[Supplied records]
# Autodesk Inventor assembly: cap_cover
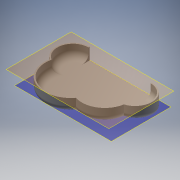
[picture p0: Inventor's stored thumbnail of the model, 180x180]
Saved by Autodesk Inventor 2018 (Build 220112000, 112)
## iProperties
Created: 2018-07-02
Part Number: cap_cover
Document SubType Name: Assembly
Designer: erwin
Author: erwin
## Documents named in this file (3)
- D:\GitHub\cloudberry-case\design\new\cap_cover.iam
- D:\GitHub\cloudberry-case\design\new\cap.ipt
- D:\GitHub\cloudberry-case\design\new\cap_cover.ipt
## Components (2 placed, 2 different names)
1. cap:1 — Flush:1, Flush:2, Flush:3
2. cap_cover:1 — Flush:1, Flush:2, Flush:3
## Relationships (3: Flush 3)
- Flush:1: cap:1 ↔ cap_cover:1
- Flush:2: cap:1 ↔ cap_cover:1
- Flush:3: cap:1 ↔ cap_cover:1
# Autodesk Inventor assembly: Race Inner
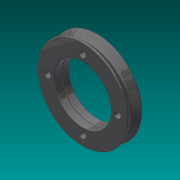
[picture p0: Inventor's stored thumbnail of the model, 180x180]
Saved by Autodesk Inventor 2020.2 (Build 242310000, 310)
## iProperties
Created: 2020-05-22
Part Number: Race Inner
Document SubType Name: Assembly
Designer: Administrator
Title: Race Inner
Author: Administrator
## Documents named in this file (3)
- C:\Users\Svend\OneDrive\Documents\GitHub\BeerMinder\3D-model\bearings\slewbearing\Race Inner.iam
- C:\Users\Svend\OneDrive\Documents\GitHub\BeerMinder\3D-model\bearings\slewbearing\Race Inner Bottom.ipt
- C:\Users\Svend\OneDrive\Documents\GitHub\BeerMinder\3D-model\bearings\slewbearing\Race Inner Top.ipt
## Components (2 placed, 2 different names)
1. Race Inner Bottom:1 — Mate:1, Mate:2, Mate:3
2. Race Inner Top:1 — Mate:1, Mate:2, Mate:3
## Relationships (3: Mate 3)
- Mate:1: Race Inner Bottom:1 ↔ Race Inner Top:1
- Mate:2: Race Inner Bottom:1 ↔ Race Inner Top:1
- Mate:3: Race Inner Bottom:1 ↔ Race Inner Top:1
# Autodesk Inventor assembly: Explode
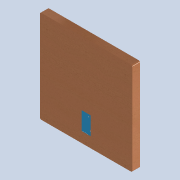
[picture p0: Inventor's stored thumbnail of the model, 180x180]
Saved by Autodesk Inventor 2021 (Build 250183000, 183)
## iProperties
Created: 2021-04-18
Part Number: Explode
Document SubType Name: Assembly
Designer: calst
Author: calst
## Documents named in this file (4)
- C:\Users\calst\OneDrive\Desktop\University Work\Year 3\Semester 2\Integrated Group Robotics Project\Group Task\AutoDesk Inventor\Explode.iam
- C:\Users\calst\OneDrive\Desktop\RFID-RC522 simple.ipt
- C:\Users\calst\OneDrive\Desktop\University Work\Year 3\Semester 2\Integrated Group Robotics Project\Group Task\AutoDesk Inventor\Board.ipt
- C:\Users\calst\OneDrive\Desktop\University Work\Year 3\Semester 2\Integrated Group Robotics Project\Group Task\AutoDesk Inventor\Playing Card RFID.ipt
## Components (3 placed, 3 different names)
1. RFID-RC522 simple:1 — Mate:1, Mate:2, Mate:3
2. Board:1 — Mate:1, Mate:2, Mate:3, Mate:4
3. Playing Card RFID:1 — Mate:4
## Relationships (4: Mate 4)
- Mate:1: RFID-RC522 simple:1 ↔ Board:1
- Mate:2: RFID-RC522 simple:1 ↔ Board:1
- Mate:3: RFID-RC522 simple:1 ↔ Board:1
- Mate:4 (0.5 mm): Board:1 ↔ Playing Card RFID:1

[Work instruction] Filter the records above for "Integrated" and copy every matching line.

[Response below]
- C:\Users\calst\OneDrive\Desktop\University Work\Year 3\Semester 2\Integrated Group Robotics Project\Group Task\AutoDesk Inventor\Explode.iam
- C:\Users\calst\OneDrive\Desktop\University Work\Year 3\Semester 2\Integrated Group Robotics Project\Group Task\AutoDesk Inventor\Board.ipt
- C:\Users\calst\OneDrive\Desktop\University Work\Year 3\Semester 2\Integrated Group Robotics Project\Group Task\AutoDesk Inventor\Playing Card RFID.ipt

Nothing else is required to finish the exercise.